# [Assignment]
Transcribe word for word the lines below from the line with "#134=CARTESIAN_POINT('',(53.0000000000001,0.,0.));" through the line with "#147=VECTOR('',#146,1.);", ends included.

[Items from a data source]
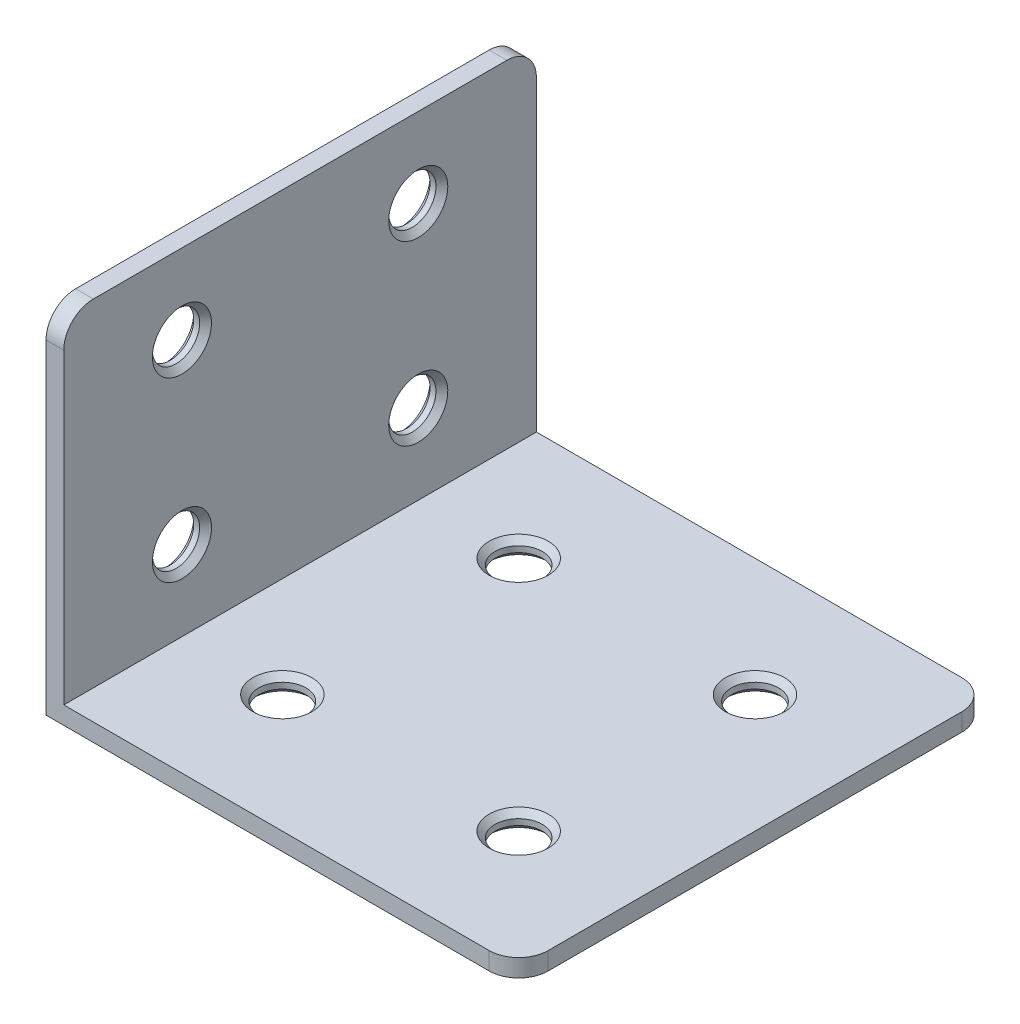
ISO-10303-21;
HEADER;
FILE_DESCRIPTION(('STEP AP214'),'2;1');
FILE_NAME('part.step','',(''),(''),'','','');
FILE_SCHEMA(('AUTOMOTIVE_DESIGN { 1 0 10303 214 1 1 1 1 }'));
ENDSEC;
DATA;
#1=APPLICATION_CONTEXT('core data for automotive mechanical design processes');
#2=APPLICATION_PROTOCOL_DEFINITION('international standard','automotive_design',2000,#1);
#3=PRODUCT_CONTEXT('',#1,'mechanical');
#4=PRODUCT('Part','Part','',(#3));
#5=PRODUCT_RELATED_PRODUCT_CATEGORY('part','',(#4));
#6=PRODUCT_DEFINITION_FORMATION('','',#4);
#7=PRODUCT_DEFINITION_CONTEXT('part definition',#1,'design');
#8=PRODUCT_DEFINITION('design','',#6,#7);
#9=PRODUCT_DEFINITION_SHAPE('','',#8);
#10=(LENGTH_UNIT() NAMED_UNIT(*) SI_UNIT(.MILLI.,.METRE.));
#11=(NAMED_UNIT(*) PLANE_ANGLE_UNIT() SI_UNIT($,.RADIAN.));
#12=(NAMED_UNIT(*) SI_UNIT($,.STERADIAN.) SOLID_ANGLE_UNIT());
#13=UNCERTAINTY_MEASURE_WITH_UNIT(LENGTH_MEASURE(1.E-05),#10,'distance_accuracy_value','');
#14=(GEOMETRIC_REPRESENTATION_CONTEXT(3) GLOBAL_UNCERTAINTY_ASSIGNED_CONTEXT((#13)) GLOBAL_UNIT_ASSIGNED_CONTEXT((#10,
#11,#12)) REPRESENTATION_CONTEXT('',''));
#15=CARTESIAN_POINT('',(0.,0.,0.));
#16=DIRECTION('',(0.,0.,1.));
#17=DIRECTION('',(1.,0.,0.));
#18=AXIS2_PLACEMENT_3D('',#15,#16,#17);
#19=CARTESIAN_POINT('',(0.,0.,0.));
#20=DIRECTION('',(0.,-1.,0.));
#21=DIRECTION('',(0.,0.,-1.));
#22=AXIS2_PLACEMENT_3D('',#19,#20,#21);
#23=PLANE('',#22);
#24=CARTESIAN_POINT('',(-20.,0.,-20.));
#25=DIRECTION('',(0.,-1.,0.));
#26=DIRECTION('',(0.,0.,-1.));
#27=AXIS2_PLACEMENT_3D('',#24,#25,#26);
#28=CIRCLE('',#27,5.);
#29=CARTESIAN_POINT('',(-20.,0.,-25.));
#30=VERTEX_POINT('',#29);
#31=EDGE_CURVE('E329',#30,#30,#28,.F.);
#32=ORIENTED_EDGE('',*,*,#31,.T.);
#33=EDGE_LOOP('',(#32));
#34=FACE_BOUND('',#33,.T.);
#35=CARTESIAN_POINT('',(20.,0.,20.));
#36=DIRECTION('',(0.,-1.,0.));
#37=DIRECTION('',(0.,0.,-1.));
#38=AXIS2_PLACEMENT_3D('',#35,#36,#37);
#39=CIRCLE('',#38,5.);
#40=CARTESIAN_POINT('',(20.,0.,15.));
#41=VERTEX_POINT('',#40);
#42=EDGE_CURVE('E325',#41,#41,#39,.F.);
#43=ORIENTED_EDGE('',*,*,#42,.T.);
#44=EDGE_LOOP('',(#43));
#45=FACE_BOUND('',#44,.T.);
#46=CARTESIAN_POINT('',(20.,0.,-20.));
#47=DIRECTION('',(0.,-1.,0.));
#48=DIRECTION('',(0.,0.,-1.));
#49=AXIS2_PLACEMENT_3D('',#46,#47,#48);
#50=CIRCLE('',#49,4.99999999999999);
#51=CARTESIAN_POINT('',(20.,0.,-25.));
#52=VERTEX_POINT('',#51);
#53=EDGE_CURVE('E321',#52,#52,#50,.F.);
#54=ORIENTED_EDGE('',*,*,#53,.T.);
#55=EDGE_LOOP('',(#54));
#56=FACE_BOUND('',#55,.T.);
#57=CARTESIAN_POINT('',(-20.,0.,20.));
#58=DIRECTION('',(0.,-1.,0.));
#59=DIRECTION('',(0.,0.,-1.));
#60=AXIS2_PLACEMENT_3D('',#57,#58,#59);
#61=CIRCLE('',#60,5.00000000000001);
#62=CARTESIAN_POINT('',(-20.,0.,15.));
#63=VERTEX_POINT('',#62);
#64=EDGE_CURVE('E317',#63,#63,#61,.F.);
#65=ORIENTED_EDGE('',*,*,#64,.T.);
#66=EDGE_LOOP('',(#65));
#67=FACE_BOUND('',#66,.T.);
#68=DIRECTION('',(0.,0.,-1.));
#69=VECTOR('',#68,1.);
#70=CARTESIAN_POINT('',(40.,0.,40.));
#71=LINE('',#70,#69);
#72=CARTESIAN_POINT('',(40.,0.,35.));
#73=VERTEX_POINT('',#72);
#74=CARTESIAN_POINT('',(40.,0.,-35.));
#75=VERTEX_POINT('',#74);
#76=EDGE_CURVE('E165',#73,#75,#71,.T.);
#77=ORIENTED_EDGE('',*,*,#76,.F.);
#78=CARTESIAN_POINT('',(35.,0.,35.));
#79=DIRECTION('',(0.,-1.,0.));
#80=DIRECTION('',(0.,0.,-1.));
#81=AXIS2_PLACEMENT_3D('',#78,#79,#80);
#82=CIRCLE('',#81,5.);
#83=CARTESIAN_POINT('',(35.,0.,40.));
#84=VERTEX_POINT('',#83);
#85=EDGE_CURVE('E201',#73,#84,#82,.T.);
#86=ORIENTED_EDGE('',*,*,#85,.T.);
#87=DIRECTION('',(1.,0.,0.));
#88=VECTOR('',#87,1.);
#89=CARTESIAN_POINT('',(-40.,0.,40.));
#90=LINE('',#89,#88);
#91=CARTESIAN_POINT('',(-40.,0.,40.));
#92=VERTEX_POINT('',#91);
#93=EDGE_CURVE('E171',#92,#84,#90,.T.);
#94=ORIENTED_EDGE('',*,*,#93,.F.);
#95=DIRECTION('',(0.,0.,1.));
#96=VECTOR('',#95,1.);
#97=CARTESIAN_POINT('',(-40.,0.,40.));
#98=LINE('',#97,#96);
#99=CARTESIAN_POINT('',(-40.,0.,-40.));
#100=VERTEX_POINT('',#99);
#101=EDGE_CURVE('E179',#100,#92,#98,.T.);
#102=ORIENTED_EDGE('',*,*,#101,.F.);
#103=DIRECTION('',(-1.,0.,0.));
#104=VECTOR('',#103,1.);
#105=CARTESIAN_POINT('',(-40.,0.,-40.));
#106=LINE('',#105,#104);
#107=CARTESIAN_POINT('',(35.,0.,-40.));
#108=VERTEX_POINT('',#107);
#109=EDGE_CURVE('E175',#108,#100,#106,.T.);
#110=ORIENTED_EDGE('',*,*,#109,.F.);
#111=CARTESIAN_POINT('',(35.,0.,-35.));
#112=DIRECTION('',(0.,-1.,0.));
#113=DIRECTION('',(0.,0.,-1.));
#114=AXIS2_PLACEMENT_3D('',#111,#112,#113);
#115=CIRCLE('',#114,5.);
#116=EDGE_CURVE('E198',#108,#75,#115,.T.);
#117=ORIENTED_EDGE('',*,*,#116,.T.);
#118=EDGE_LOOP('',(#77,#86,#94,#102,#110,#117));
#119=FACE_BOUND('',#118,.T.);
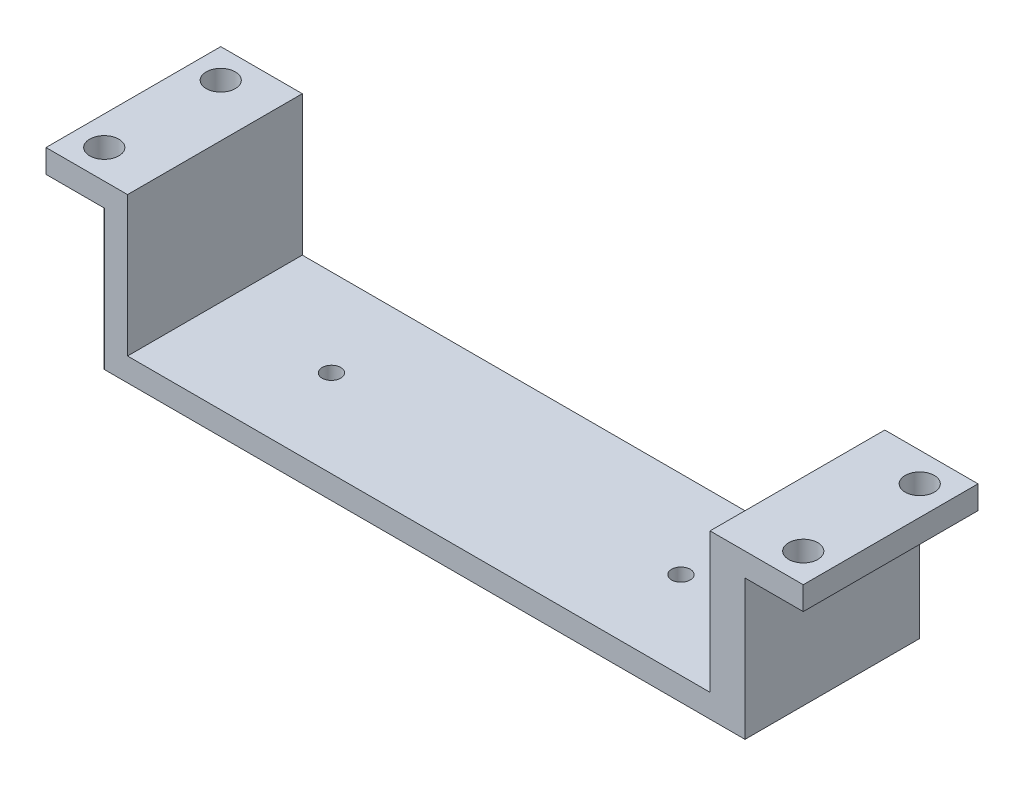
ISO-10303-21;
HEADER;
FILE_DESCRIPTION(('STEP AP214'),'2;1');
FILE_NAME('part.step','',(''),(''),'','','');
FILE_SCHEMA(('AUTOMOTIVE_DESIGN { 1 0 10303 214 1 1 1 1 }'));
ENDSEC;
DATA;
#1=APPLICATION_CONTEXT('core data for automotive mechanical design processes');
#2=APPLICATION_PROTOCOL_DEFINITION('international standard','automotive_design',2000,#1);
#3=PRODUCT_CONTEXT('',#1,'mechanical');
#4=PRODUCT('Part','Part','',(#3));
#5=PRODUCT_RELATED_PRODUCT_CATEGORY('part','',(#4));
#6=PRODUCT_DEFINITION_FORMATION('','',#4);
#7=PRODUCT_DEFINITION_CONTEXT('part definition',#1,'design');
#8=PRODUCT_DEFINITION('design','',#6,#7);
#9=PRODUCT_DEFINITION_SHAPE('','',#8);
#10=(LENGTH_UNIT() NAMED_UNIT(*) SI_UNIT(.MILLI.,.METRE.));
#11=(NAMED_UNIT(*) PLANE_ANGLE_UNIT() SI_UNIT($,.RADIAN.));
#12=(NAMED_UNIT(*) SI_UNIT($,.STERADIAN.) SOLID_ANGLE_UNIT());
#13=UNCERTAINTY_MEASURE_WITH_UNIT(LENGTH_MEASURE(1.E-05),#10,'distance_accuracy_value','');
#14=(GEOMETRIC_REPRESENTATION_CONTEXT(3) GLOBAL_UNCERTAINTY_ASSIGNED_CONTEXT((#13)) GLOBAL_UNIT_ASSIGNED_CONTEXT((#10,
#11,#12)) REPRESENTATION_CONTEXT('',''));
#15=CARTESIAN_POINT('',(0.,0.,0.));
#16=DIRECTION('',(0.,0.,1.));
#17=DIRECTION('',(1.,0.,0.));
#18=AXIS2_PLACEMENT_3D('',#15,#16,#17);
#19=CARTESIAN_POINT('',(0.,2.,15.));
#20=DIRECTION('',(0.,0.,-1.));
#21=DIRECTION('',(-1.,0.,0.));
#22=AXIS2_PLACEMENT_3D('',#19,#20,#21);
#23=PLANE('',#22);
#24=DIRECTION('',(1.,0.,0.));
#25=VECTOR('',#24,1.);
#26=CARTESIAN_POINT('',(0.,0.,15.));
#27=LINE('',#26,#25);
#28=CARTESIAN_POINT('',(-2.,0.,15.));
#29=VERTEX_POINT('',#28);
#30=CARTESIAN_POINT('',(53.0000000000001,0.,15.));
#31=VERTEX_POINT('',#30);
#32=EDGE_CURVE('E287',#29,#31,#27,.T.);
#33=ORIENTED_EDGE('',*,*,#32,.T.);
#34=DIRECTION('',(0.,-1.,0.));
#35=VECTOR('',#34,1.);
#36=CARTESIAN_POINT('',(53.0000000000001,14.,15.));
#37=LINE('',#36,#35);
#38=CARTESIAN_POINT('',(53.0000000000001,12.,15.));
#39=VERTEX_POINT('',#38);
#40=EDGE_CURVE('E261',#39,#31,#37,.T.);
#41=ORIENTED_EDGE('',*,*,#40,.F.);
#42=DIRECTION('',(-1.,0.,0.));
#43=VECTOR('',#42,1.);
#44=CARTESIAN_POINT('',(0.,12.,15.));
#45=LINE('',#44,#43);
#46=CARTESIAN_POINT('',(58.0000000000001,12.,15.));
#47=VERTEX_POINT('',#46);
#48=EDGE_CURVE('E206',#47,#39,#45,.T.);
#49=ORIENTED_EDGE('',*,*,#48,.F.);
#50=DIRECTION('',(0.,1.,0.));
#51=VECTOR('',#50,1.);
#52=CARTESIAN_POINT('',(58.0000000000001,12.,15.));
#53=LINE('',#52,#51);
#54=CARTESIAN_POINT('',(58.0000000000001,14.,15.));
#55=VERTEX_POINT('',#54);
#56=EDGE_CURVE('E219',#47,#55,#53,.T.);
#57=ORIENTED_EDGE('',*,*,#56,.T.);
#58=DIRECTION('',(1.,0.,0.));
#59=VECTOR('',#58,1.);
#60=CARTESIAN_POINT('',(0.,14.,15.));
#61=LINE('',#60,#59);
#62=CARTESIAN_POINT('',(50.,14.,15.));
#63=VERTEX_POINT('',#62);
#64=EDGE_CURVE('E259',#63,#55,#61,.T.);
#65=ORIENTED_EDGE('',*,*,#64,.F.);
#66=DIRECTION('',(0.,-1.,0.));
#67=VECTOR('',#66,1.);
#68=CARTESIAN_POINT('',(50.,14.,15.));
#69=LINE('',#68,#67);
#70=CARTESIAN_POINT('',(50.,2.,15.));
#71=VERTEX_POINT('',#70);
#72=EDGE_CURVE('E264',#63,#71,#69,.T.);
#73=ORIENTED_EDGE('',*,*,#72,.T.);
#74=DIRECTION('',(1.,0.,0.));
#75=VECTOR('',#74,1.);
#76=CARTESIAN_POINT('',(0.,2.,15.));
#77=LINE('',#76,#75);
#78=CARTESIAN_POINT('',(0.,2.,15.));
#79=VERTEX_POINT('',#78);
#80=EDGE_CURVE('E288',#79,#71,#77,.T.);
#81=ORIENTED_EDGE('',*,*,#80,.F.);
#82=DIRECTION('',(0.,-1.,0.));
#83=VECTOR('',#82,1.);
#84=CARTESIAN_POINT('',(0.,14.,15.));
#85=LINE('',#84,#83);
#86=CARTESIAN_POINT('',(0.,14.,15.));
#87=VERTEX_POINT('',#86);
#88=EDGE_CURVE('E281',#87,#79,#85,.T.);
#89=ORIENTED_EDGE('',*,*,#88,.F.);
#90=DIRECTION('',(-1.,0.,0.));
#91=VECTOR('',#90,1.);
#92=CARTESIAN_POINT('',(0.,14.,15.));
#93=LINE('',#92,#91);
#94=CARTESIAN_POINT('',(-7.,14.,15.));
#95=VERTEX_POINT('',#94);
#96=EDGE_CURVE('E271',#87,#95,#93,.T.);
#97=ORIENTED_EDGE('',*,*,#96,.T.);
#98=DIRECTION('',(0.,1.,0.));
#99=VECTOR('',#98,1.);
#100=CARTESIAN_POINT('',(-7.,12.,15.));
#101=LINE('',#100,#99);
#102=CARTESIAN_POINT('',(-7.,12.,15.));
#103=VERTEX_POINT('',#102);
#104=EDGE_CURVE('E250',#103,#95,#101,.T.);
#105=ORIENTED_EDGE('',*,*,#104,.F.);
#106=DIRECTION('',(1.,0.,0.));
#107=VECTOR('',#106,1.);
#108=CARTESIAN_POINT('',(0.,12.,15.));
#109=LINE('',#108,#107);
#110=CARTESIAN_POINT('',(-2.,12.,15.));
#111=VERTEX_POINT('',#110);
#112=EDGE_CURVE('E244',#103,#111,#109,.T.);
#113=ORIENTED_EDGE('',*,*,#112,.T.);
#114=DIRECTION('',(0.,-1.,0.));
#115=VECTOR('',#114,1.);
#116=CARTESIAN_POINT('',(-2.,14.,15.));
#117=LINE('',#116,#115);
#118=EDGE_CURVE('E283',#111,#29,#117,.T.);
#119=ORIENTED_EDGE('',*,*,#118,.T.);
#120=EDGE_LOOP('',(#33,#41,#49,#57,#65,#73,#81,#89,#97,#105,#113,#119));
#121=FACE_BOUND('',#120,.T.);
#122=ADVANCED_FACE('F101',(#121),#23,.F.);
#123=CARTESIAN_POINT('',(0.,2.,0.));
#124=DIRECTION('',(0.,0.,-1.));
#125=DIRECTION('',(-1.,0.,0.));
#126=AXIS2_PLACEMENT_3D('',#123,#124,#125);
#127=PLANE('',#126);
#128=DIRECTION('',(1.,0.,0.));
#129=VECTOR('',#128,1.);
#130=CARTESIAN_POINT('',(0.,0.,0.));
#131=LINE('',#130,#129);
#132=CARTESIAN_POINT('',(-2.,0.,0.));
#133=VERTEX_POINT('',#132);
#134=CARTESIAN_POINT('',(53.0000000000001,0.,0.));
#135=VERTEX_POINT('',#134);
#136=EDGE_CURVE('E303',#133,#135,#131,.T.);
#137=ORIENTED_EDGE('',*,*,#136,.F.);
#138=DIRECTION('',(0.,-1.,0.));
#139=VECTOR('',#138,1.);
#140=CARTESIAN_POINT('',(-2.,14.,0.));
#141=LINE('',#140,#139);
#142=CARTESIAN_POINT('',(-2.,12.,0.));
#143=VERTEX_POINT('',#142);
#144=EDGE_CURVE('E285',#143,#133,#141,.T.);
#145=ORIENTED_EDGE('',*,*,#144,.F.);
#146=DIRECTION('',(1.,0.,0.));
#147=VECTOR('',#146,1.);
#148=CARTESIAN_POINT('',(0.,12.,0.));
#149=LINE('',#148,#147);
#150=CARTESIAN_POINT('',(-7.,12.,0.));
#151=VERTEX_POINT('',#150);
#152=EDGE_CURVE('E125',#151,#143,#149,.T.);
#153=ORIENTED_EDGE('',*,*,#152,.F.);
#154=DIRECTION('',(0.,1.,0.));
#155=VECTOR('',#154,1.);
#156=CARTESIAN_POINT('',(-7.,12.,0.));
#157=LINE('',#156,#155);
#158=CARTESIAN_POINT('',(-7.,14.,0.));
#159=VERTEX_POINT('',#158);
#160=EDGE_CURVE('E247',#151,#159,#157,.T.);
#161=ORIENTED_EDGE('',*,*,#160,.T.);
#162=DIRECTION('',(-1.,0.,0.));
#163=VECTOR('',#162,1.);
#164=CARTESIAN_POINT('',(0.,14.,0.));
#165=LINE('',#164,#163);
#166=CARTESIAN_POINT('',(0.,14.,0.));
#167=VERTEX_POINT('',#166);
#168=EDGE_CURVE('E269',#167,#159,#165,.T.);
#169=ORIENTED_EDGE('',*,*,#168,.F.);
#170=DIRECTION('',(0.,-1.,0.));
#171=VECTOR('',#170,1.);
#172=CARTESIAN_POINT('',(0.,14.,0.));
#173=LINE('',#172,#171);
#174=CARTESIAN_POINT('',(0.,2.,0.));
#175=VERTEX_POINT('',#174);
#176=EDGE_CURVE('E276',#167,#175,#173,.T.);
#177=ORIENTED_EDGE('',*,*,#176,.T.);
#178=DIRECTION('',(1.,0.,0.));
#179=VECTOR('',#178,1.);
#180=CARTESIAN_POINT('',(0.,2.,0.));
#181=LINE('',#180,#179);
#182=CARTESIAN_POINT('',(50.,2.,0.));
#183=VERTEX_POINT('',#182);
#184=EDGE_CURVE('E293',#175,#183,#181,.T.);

# [Exercise response]
#134=CARTESIAN_POINT('',(53.0000000000001,0.,0.));
#135=VERTEX_POINT('',#134);
#136=EDGE_CURVE('E303',#133,#135,#131,.T.);
#137=ORIENTED_EDGE('',*,*,#136,.F.);
#138=DIRECTION('',(0.,-1.,0.));
#139=VECTOR('',#138,1.);
#140=CARTESIAN_POINT('',(-2.,14.,0.));
#141=LINE('',#140,#139);
#142=CARTESIAN_POINT('',(-2.,12.,0.));
#143=VERTEX_POINT('',#142);
#144=EDGE_CURVE('E285',#143,#133,#141,.T.);
#145=ORIENTED_EDGE('',*,*,#144,.F.);
#146=DIRECTION('',(1.,0.,0.));
#147=VECTOR('',#146,1.);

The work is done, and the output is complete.